His mighty speeches made a tremendous appeal to the conscience of the people at large. The New York Herald editorially remarked: “He is undoubtedly the greatest figure in the Parliament of Religions. After hearing him, we feel how foolish it is to send missionaries to his learned nation.”
Swami Vivekanandaji, throughout his life, repeatedly emphasized that the purpose of religion is the higher evolution of man and not a stagnation in animality. Since man is essentially divine, the human personality embodies in itself the potentiality of developing into a Divinity, and higher development of man including his religion. He always asserted that “the goal is to manifest this divinity within, by controlling nature, external and internal.. Do this either by work or worship, or psychic control, or philosophy by one, or more, or all of these… and be free. This is the whole of religion. Doctrines, or dogmas, or rituals, or books, or temples, or forms, are but secondary details.”
Vivekanandaji, therefore, desired every soul to “Arise, awake and stop not till the goal is reached. None is really weak, the soul is infinite, omnipotent, omnicient. Stand up and assert yourself, proclaims God within you, do not deny Him! Teach yourselve teach every one his real nature, call upon the sleeping soul and se how it awakes…”
He always asserted “Truth is nobody’s property, no race, no individual can lay any exclusive claim to it.

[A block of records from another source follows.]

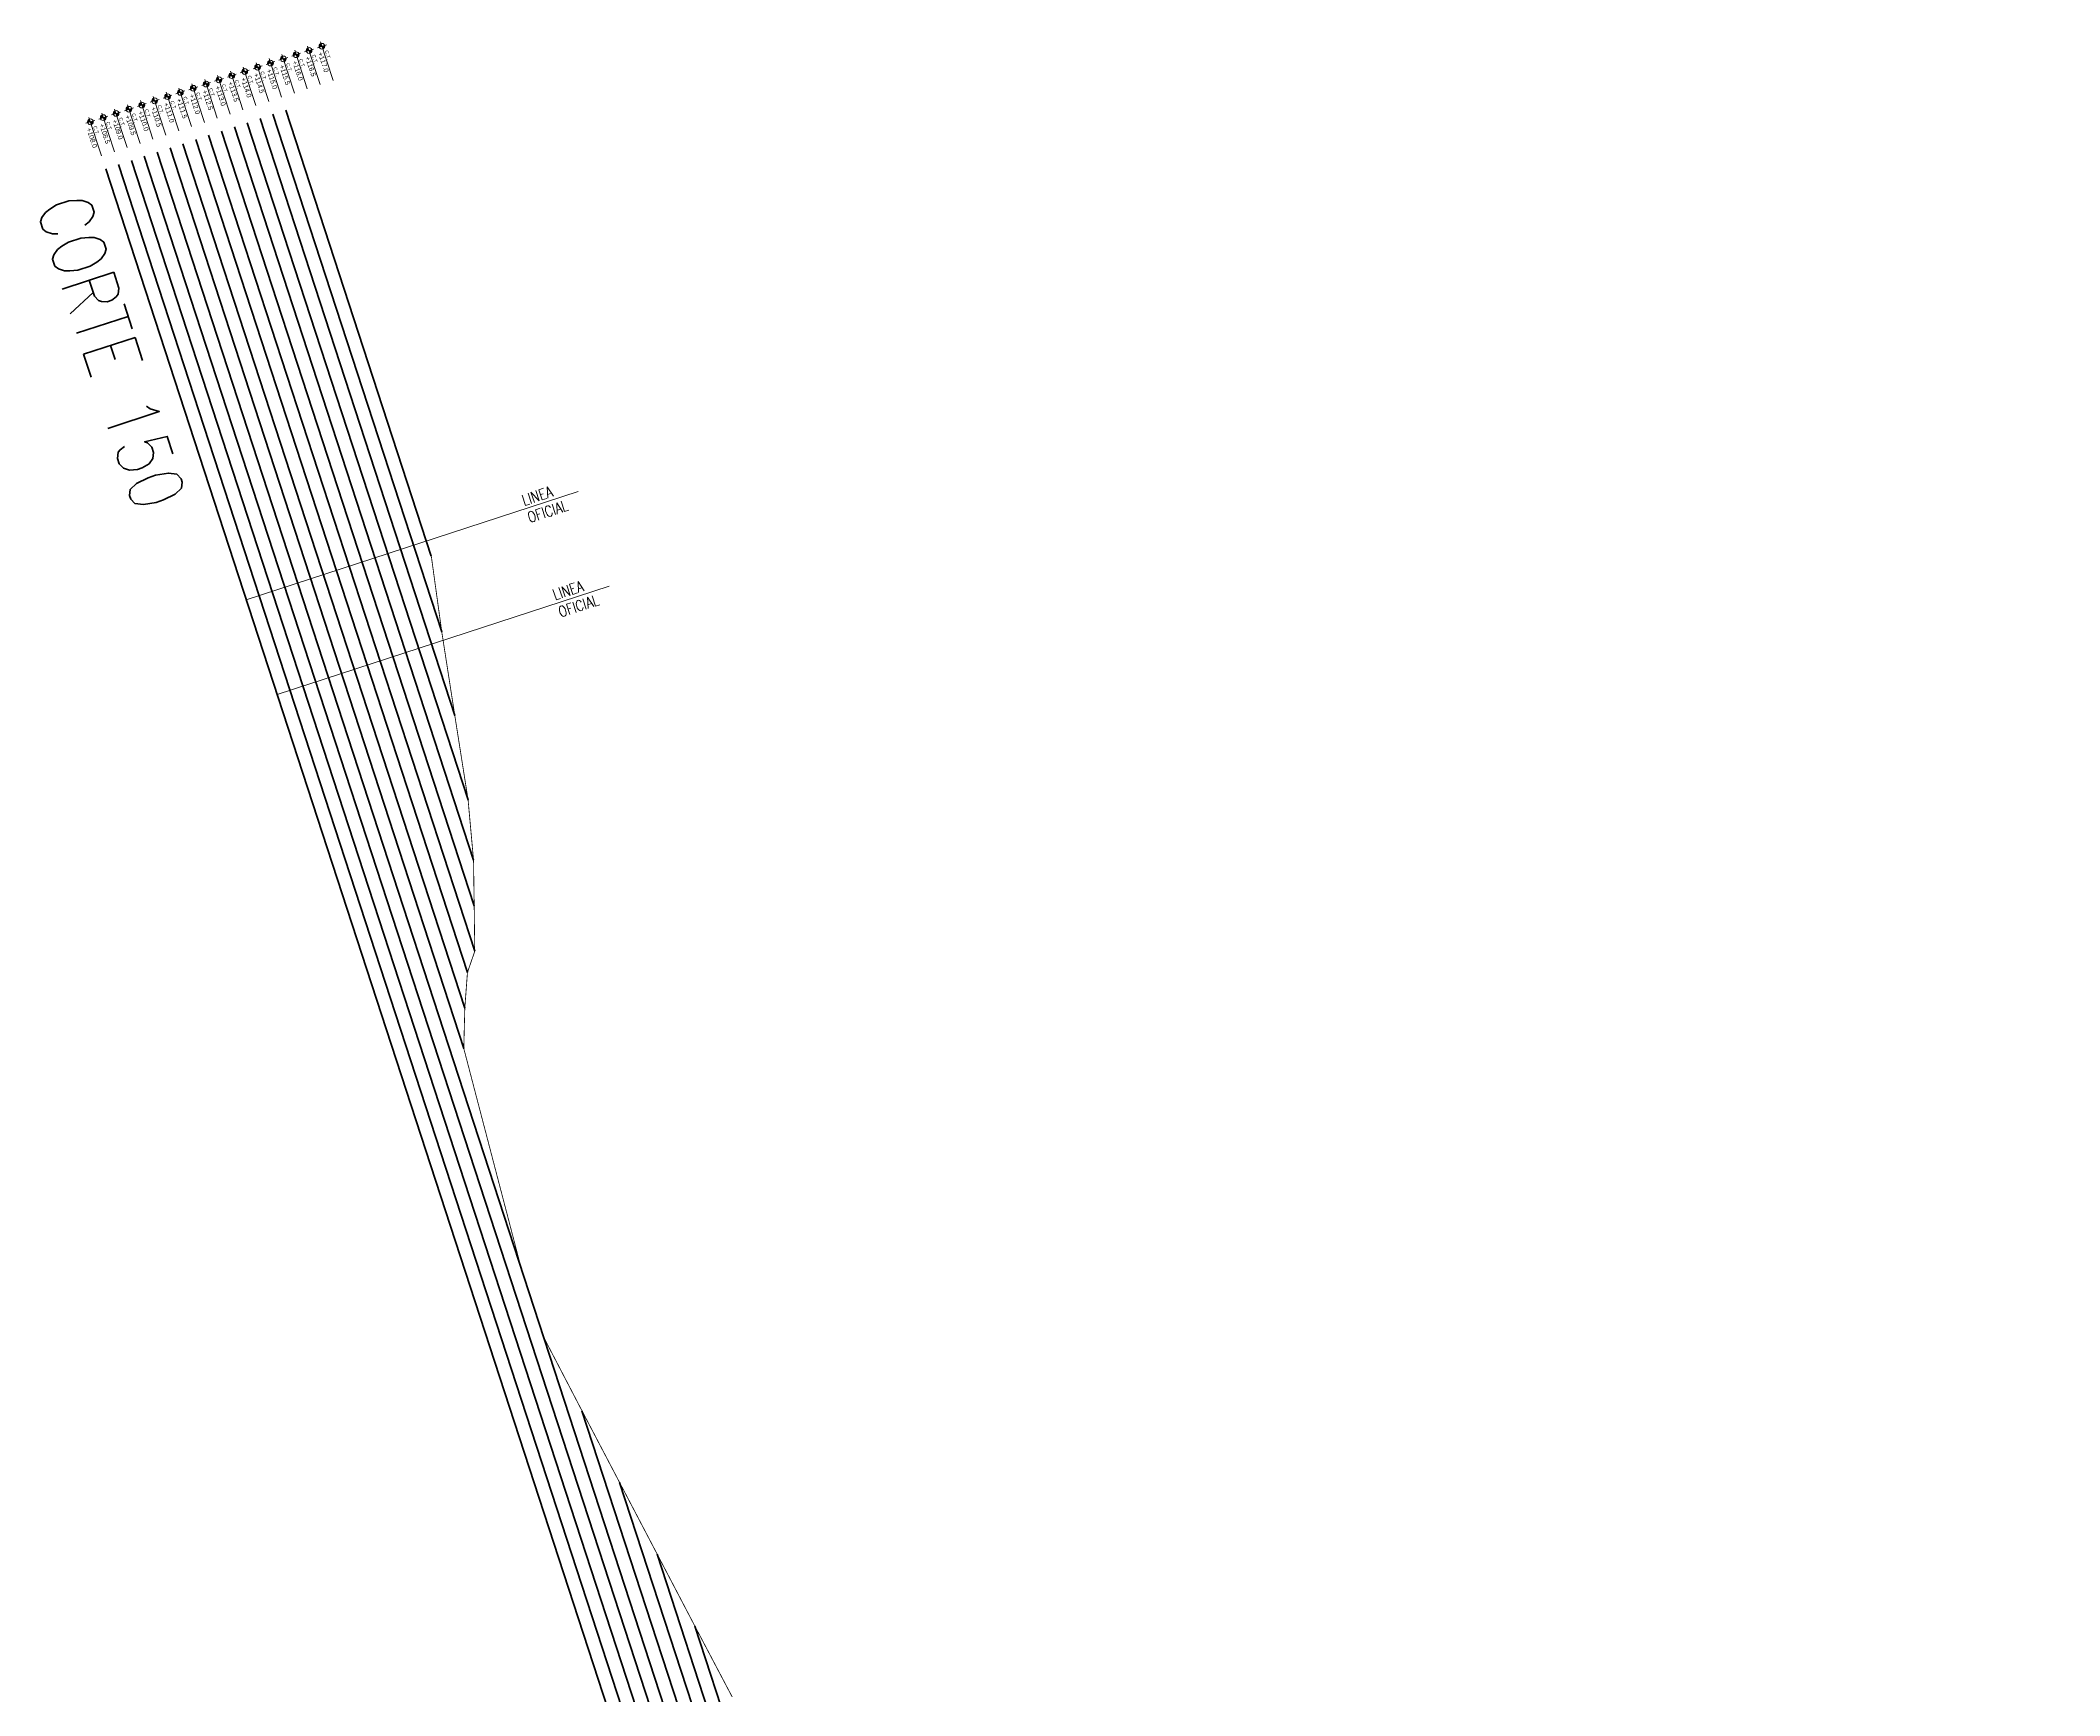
# Model space of a CAD drawing. Header units: metres. Extents: x 733085 to 734585, y 6084499 to 6087418.
# Drawn here: x 733339.4 to 733414, y 6086805.6 to 6086866.8 of the extents above; entities that cross this region are included whole.
import ezdxf
from ezdxf.enums import TextEntityAlignment as Align

# ---------------------------------------------------------------- set-up
doc = ezdxf.new("R2010")
doc.units = ezdxf.units.M
doc.header["$LTSCALE"] = 5
doc.header["$MEASUREMENT"] = 0
doc.layers.get('0').update_dxf_attribs({"color": 30})
doc.layers.add('_AUX', color=210, linetype='Continuous', lineweight=18, plot=False)
for name, color, linetype, lineweight in [('A-ELEV-MBE1', 7, 'Continuous', 35), ('U-ANNO-SYMB', 3, 'Continuous', 18), ('U-ANNO-TEXT', 3, 'Continuous', 18)]:
    doc.layers.add(name, color=color, linetype=linetype, lineweight=lineweight)
doc.styles.add('E-ARIAL', font='arial.ttf')
doc.styles.add('E-ROMANS', font='romans.shx', dxfattribs={"width": 0.8})

# ---------------------------------------------------------------- blocks, each defined once
blk = doc.blocks.new('*U18')
at = {"lineweight": 0}
h = blk.add_hatch(color=256, dxfattribs=at)
edge = h.paths.add_edge_path()
edge.add_arc((0, 0), 200, 0, 90)
edge.add_line((0, 200), (0, 0))
edge.add_line((0, 0), (200, 0))
edge = h.paths.add_edge_path()
edge.add_line((0, 0), (-200, 0))
edge.add_arc((0, 0), 200, 180, 270)
edge.add_line((0, -200), (0, 0))
for p, q in [((2500, 0), (-325, 0)), ((0, 325), (0, -325))]:
    blk.add_line(p, q)
blk.add_circle((0, 0), 200)
at = {"style": 'E-ARIAL'}
blk.add_attdef('LEVEL', text='', height=250, dxfattribs=at).set_placement((371, 0), align=Align.BOTTOM_LEFT)
blk.add_attdef('HEIGHT', text='', height=250, dxfattribs=at).set_placement((371, -75), align=Align.TOP_LEFT)

msp = doc.modelspace()

# ---------------------------------------------------------------- linework, layer by layer
at = {"layer": '_AUX', "ltscale": 0.05}
for points in [[(733347.029, 6086846.119), (733359.292, 6086850.12)], [(733348.167, 6086842.63), (733360.431, 6086846.631)]]:
    msp.add_lwpolyline(points, dxfattribs=at)
at = {"layer": 'A-ELEV-MBE1', "color": 252}
for p, q in [((733353.865, 6086847.734), (733348.487, 6086864.217)), ((733355.449, 6086834.819), (733346.111, 6086863.441)), ((733355.425, 6086836.506), (733346.586, 6086863.597)), ((733355.224, 6086838.733), (733347.061, 6086863.752)), ((733354.733, 6086841.849), (733347.537, 6086863.907)), ((733354.252, 6086844.936), (733348.012, 6086864.062)), ((733412.994, 6086650.381), (733343.734, 6086862.666)), ((733355.064, 6086829.55), (733344.209, 6086862.821)), ((733355.103, 6086831.043), (733344.685, 6086862.976)), ((733355.2, 6086832.358), (733345.16, 6086863.131)), ((733355.471, 6086833.139), (733345.635, 6086863.286)), ((733414.944, 6086637.956), (733341.833, 6086862.046)), ((733415.42, 6086638.111), (733342.308, 6086862.201)), ((733415.499, 6086639.481), (733342.783, 6086862.356)), ((733413.748, 6086646.459), (733343.259, 6086862.511)), ((733409.787, 6086661.823), (733359.433, 6086816.161)), ((733409.056, 6086665.677), (733360.822, 6086813.514)), ((733408.189, 6086669.945), (733362.214, 6086810.861)), ((733407.298, 6086674.289), (733363.608, 6086808.199))]:
    msp.add_line(p, q, dxfattribs=at)
at = {"layer": 'A-ELEV-MBE1', "ltscale": 0.15, "const_width": 0.03}
msp.add_lwpolyline([(733353.633, 6086848.445), (733353.865, 6086847.734), (733354.252, 6086844.936), (733354.733, 6086841.849), (733355.224, 6086838.733), (733355.425, 6086836.506), (733355.449, 6086834.819), (733355.471, 6086833.139), (733355.2, 6086832.358), (733355.103, 6086831.043), (733355.064, 6086829.55), (733357.187, 6086821.431), (733358.025, 6086818.865), (733359.433, 6086816.161), (733360.822, 6086813.514), (733362.214, 6086810.861), (733363.608, 6086808.199), (733364.987, 6086805.584)], dxfattribs=at)

# ---------------------------------------------------------------- block references
at = {"layer": 'U-ANNO-SYMB', "color": 1}
ref = msp.add_blockref('*U18', (733348.871, 6086866.264), dxfattribs=dict(at, xscale=0.0005309734512920894, yscale=0.0005309734512920894, zscale=0.0005309734512920894, rotation=288.0695121838982))
ref.add_attrib('LEVEL', 'C.T.', dxfattribs={"layer": '0', "height": 0.1327, "rotation": 288.06951, "style": 'E-ARIAL'}).set_placement((733348.932, 6086866.077), align=Align.BOTTOM_LEFT)
ref.add_attrib('HEIGHT', '+116.0', dxfattribs={"layer": '0', "height": 0.1774, "rotation": 288.06951, "style": 'E-ARIAL'}).set_placement((733348.894, 6086866.065), align=Align.TOP_LEFT)
ref = msp.add_blockref('*U18', (733349.347, 6086866.419), dxfattribs=dict(at, xscale=0.0005309734512920894, yscale=0.0005309734512920894, zscale=0.0005309734512920894, rotation=288.0695121838982))
ref.add_attrib('LEVEL', 'C.T.', dxfattribs={"layer": '0', "height": 0.1327, "rotation": 288.06951, "style": 'E-ARIAL'}).set_placement((733349.408, 6086866.232), align=Align.BOTTOM_LEFT)
ref.add_attrib('HEIGHT', '+116.5', dxfattribs={"layer": '0', "height": 0.1774, "rotation": 288.06951, "style": 'E-ARIAL'}).set_placement((733349.37, 6086866.22), align=Align.TOP_LEFT)
ref = msp.add_blockref('*U18', (733349.822, 6086866.575), dxfattribs=dict(at, xscale=0.0005309734512920894, yscale=0.0005309734512920894, zscale=0.0005309734512920894, rotation=288.0695121838982))
ref.add_attrib('LEVEL', 'C.T.', dxfattribs={"layer": '0', "height": 0.1327, "rotation": 288.06951, "style": 'E-ARIAL'}).set_placement((733349.883, 6086866.387), align=Align.BOTTOM_LEFT)
ref.add_attrib('HEIGHT', '+117.0', dxfattribs={"layer": '0', "height": 0.1774, "rotation": 288.06951, "style": 'E-ARIAL'}).set_placement((733349.845, 6086866.375), align=Align.TOP_LEFT)
ref = msp.add_blockref('*U18', (733346.494, 6086865.489), dxfattribs=dict(at, xscale=0.0005309734512920894, yscale=0.0005309734512920894, zscale=0.0005309734512920894, rotation=288.0695121838982))
ref.add_attrib('LEVEL', 'C.T.', dxfattribs={"layer": '0', "height": 0.1327, "rotation": 288.06951, "style": 'E-ARIAL'}).set_placement((733346.556, 6086865.302), align=Align.BOTTOM_LEFT)
ref.add_attrib('HEIGHT', '+113.5', dxfattribs={"layer": '0', "height": 0.1774, "rotation": 288.06951, "style": 'E-ARIAL'}).set_placement((733346.518, 6086865.289), align=Align.TOP_LEFT)
ref = msp.add_blockref('*U18', (733346.97, 6086865.644), dxfattribs=dict(at, xscale=0.0005309734512920894, yscale=0.0005309734512920894, zscale=0.0005309734512920894, rotation=288.0695121838982))
ref.add_attrib('LEVEL', 'C.T.', dxfattribs={"layer": '0', "height": 0.1327, "rotation": 288.06951, "style": 'E-ARIAL'}).set_placement((733347.031, 6086865.457), align=Align.BOTTOM_LEFT)
ref.add_attrib('HEIGHT', '+114.0', dxfattribs={"layer": '0', "height": 0.1774, "rotation": 288.06951, "style": 'E-ARIAL'}).set_placement((733346.993, 6086865.444), align=Align.TOP_LEFT)
ref = msp.add_blockref('*U18', (733347.445, 6086865.799), dxfattribs=dict(at, xscale=0.0005309734512920894, yscale=0.0005309734512920894, zscale=0.0005309734512920894, rotation=288.0695121838982))
ref.add_attrib('LEVEL', 'C.T.', dxfattribs={"layer": '0', "height": 0.1327, "rotation": 288.06951, "style": 'E-ARIAL'}).set_placement((733347.506, 6086865.612), align=Align.BOTTOM_LEFT)
ref.add_attrib('HEIGHT', '+114.5', dxfattribs={"layer": '0', "height": 0.1774, "rotation": 288.06951, "style": 'E-ARIAL'}).set_placement((733347.468, 6086865.599), align=Align.TOP_LEFT)
ref = msp.add_blockref('*U18', (733347.921, 6086865.954), dxfattribs=dict(at, xscale=0.0005309734512920894, yscale=0.0005309734512920894, zscale=0.0005309734512920894, rotation=288.0695121838982))
ref.add_attrib('LEVEL', 'C.T.', dxfattribs={"layer": '0', "height": 0.1327, "rotation": 288.06951, "style": 'E-ARIAL'}).set_placement((733347.982, 6086865.767), align=Align.BOTTOM_LEFT)
ref.add_attrib('HEIGHT', '+115.0', dxfattribs={"layer": '0', "height": 0.1774, "rotation": 288.06951, "style": 'E-ARIAL'}).set_placement((733347.944, 6086865.754), align=Align.TOP_LEFT)
ref = msp.add_blockref('*U18', (733348.396, 6086866.109), dxfattribs=dict(at, xscale=0.0005309734512920894, yscale=0.0005309734512920894, zscale=0.0005309734512920894, rotation=288.0695121838982))
ref.add_attrib('LEVEL', 'C.T.', dxfattribs={"layer": '0', "height": 0.1327, "rotation": 288.06951, "style": 'E-ARIAL'}).set_placement((733348.457, 6086865.922), align=Align.BOTTOM_LEFT)
ref.add_attrib('HEIGHT', '+115.5', dxfattribs={"layer": '0', "height": 0.1774, "rotation": 288.06951, "style": 'E-ARIAL'}).set_placement((733348.419, 6086865.909), align=Align.TOP_LEFT)
ref = msp.add_blockref('*U18', (733344.118, 6086864.713), dxfattribs=dict(at, xscale=0.0005309734512920894, yscale=0.0005309734512920894, zscale=0.0005309734512920894, rotation=288.0695121838982))
ref.add_attrib('LEVEL', 'C.T.', dxfattribs={"layer": '0', "height": 0.1327, "rotation": 288.06951, "style": 'E-ARIAL'}).set_placement((733344.179, 6086864.526), align=Align.BOTTOM_LEFT)
ref.add_attrib('HEIGHT', '+111.0', dxfattribs={"layer": '0', "height": 0.1774, "rotation": 288.06951, "style": 'E-ARIAL'}).set_placement((733344.141, 6086864.514), align=Align.TOP_LEFT)
ref = msp.add_blockref('*U18', (733344.593, 6086864.869), dxfattribs=dict(at, xscale=0.0005309734512920894, yscale=0.0005309734512920894, zscale=0.0005309734512920894, rotation=288.0695121838982))
ref.add_attrib('LEVEL', 'C.T.', dxfattribs={"layer": '0', "height": 0.1327, "rotation": 288.06951, "style": 'E-ARIAL'}).set_placement((733344.654, 6086864.681), align=Align.BOTTOM_LEFT)
ref.add_attrib('HEIGHT', '+111.5', dxfattribs={"layer": '0', "height": 0.1774, "rotation": 288.06951, "style": 'E-ARIAL'}).set_placement((733344.616, 6086864.669), align=Align.TOP_LEFT)
ref = msp.add_blockref('*U18', (733345.068, 6086865.024), dxfattribs=dict(at, xscale=0.0005309734512920894, yscale=0.0005309734512920894, zscale=0.0005309734512920894, rotation=288.0695121838982))
ref.add_attrib('LEVEL', 'C.T.', dxfattribs={"layer": '0', "height": 0.1327, "rotation": 288.06951, "style": 'E-ARIAL'}).set_placement((733345.13, 6086864.836), align=Align.BOTTOM_LEFT)
ref.add_attrib('HEIGHT', '+112.0', dxfattribs={"layer": '0', "height": 0.1774, "rotation": 288.06951, "style": 'E-ARIAL'}).set_placement((733345.092, 6086864.824), align=Align.TOP_LEFT)
ref = msp.add_blockref('*U18', (733345.544, 6086865.179), dxfattribs=dict(at, xscale=0.0005309734512920894, yscale=0.0005309734512920894, zscale=0.0005309734512920894, rotation=288.0695121838982))
ref.add_attrib('LEVEL', 'C.T.', dxfattribs={"layer": '0', "height": 0.1327, "rotation": 288.06951, "style": 'E-ARIAL'}).set_placement((733345.605, 6086864.991), align=Align.BOTTOM_LEFT)
ref.add_attrib('HEIGHT', '+112.5', dxfattribs={"layer": '0', "height": 0.1774, "rotation": 288.06951, "style": 'E-ARIAL'}).set_placement((733345.567, 6086864.979), align=Align.TOP_LEFT)
ref = msp.add_blockref('*U18', (733346.019, 6086865.334), dxfattribs=dict(at, xscale=0.0005309734512920894, yscale=0.0005309734512920894, zscale=0.0005309734512920894, rotation=288.0695121838982))
ref.add_attrib('LEVEL', 'C.T.', dxfattribs={"layer": '0', "height": 0.1327, "rotation": 288.06951, "style": 'E-ARIAL'}).set_placement((733346.08, 6086865.146), align=Align.BOTTOM_LEFT)
ref.add_attrib('HEIGHT', '+113.0', dxfattribs={"layer": '0', "height": 0.1774, "rotation": 288.06951, "style": 'E-ARIAL'}).set_placement((733346.042, 6086865.134), align=Align.TOP_LEFT)
ref = msp.add_blockref('*U18', (733341.741, 6086863.938), dxfattribs=dict(at, xscale=0.0005309734512920894, yscale=0.0005309734512920894, zscale=0.0005309734512920894, rotation=288.0695121838982))
ref.add_attrib('LEVEL', 'C.T.', dxfattribs={"layer": '0', "height": 0.1327, "rotation": 288.06951, "style": 'E-ARIAL'}).set_placement((733341.802, 6086863.751), align=Align.BOTTOM_LEFT)
ref.add_attrib('HEIGHT', '+108.5', dxfattribs={"layer": '0', "height": 0.1774, "rotation": 288.06951, "style": 'E-ARIAL'}).set_placement((733341.764, 6086863.738), align=Align.TOP_LEFT)
ref = msp.add_blockref('*U18', (733342.216, 6086864.093), dxfattribs=dict(at, xscale=0.0005309734512920894, yscale=0.0005309734512920894, zscale=0.0005309734512920894, rotation=288.0695121838982))
ref.add_attrib('LEVEL', 'C.T.', dxfattribs={"layer": '0', "height": 0.1327, "rotation": 288.06951, "style": 'E-ARIAL'}).set_placement((733342.278, 6086863.906), align=Align.BOTTOM_LEFT)
ref.add_attrib('HEIGHT', '+109.0', dxfattribs={"layer": '0', "height": 0.1774, "rotation": 288.06951, "style": 'E-ARIAL'}).set_placement((733342.24, 6086863.893), align=Align.TOP_LEFT)
ref = msp.add_blockref('*U18', (733342.692, 6086864.248), dxfattribs=dict(at, xscale=0.0005309734512920894, yscale=0.0005309734512920894, zscale=0.0005309734512920894, rotation=288.0695121838982))
ref.add_attrib('LEVEL', 'C.T.', dxfattribs={"layer": '0', "height": 0.1327, "rotation": 288.06951, "style": 'E-ARIAL'}).set_placement((733342.753, 6086864.061), align=Align.BOTTOM_LEFT)
ref.add_attrib('HEIGHT', '+109.5', dxfattribs={"layer": '0', "height": 0.1774, "rotation": 288.06951, "style": 'E-ARIAL'}).set_placement((733342.715, 6086864.048), align=Align.TOP_LEFT)
ref = msp.add_blockref('*U18', (733343.167, 6086864.403), dxfattribs=dict(at, xscale=0.0005309734512920894, yscale=0.0005309734512920894, zscale=0.0005309734512920894, rotation=288.0695121838982))
ref.add_attrib('LEVEL', 'C.T.', dxfattribs={"layer": '0', "height": 0.1327, "rotation": 288.06951, "style": 'E-ARIAL'}).set_placement((733343.228, 6086864.216), align=Align.BOTTOM_LEFT)
ref.add_attrib('HEIGHT', '+110.0', dxfattribs={"layer": '0', "height": 0.1774, "rotation": 288.06951, "style": 'E-ARIAL'}).set_placement((733343.19, 6086864.204), align=Align.TOP_LEFT)
ref = msp.add_blockref('*U18', (733343.642, 6086864.558), dxfattribs=dict(at, xscale=0.0005309734512920894, yscale=0.0005309734512920894, zscale=0.0005309734512920894, rotation=288.0695121838982))
ref.add_attrib('LEVEL', 'C.T.', dxfattribs={"layer": '0', "height": 0.1327, "rotation": 288.06951, "style": 'E-ARIAL'}).set_placement((733343.704, 6086864.371), align=Align.BOTTOM_LEFT)
ref.add_attrib('HEIGHT', '+110.5', dxfattribs={"layer": '0', "height": 0.1774, "rotation": 288.06951, "style": 'E-ARIAL'}).set_placement((733343.666, 6086864.359), align=Align.TOP_LEFT)
ref = msp.add_blockref('*U18', (733341.266, 6086863.783), dxfattribs=dict(at, xscale=0.0005309734512920894, yscale=0.0005309734512920894, zscale=0.0005309734512920894, rotation=288.0695121838982))
ref.add_attrib('LEVEL', 'C.T.', dxfattribs={"layer": '0', "height": 0.1327, "rotation": 288.06951, "style": 'E-ARIAL'}).set_placement((733341.327, 6086863.596), align=Align.BOTTOM_LEFT)
ref.add_attrib('HEIGHT', '+108.0', dxfattribs={"layer": '0', "height": 0.1774, "rotation": 288.06951, "style": 'E-ARIAL'}).set_placement((733341.289, 6086863.583), align=Align.TOP_LEFT)

# ---------------------------------------------------------------- texts
at = {"layer": 'U-ANNO-TEXT', "attachment_point": 7, "style": 'E-ROMANS'}
for s, insert, char_height, rotation in [('CORTE 150', (733339.227, 6086860.67), 2, 288.06951), ('LINEA\\POFICIAL', (733357.501, 6086848.961), 0.4, 18.06951), ('LINEA\\POFICIAL', (733358.64, 6086845.471), 0.4, 18.06951)]:
    msp.add_mtext(s, dxfattribs=dict(at, insert=insert, char_height=char_height, rotation=rotation))

doc.saveas('drawing.dxf')

Truth is the nature of all souls. Who can lay any special claim to it. But it has to be made simple.. so that it any penetrate every pore of human society, and become the property of the highest intellect and the commonest minds, of the man, woman and child at the same time…”
Swamiji’s message also gives warning against the threat of being devoured by the demon of materialism or fanaticism. He always exhorted mankind to listen to the call of Divinity inherent in him. Opposition to materialism, he said, does not mean neglecting the improvement of the conditions of man’s material life, but when it is made an end itself the consequence is total denial of man’s basic nature and distortion in life arising from such denial.
Speaking about his often proclaimed ‘Universal Religion’, he says “it must be one which will have no location in place or time; which will be infinite, like the God it will preach, and whose sun will shine upon the followers of Krishna and of Christ, on saints and sinners alike; which will not be Brahmanic or Buddhistic, Christian or Mohammedan but the sum total of all…. It will be a religion which will have no place for persecution or intolerance.. whose whole force will be centered in aiding humanity to realize to own true, divine nature…”
In nutshell, born out of the principle of divinity in every individual was his great message of work and worship. He often said: “Where are you going to seek God ? Is not God present in the living beings around you ? God has come in the shape of poor and the miserable, the sick and the lowly, the suffering and downtrodden. Serve them sincerely and with humanity, work for them and that will be the real worship of God”.
Swami Vivekanandaji is no more with us in body, but his spirit and his message continues to inspire us. The message is as much for the world as for India and will continue to inspire millions of people for all ages to come.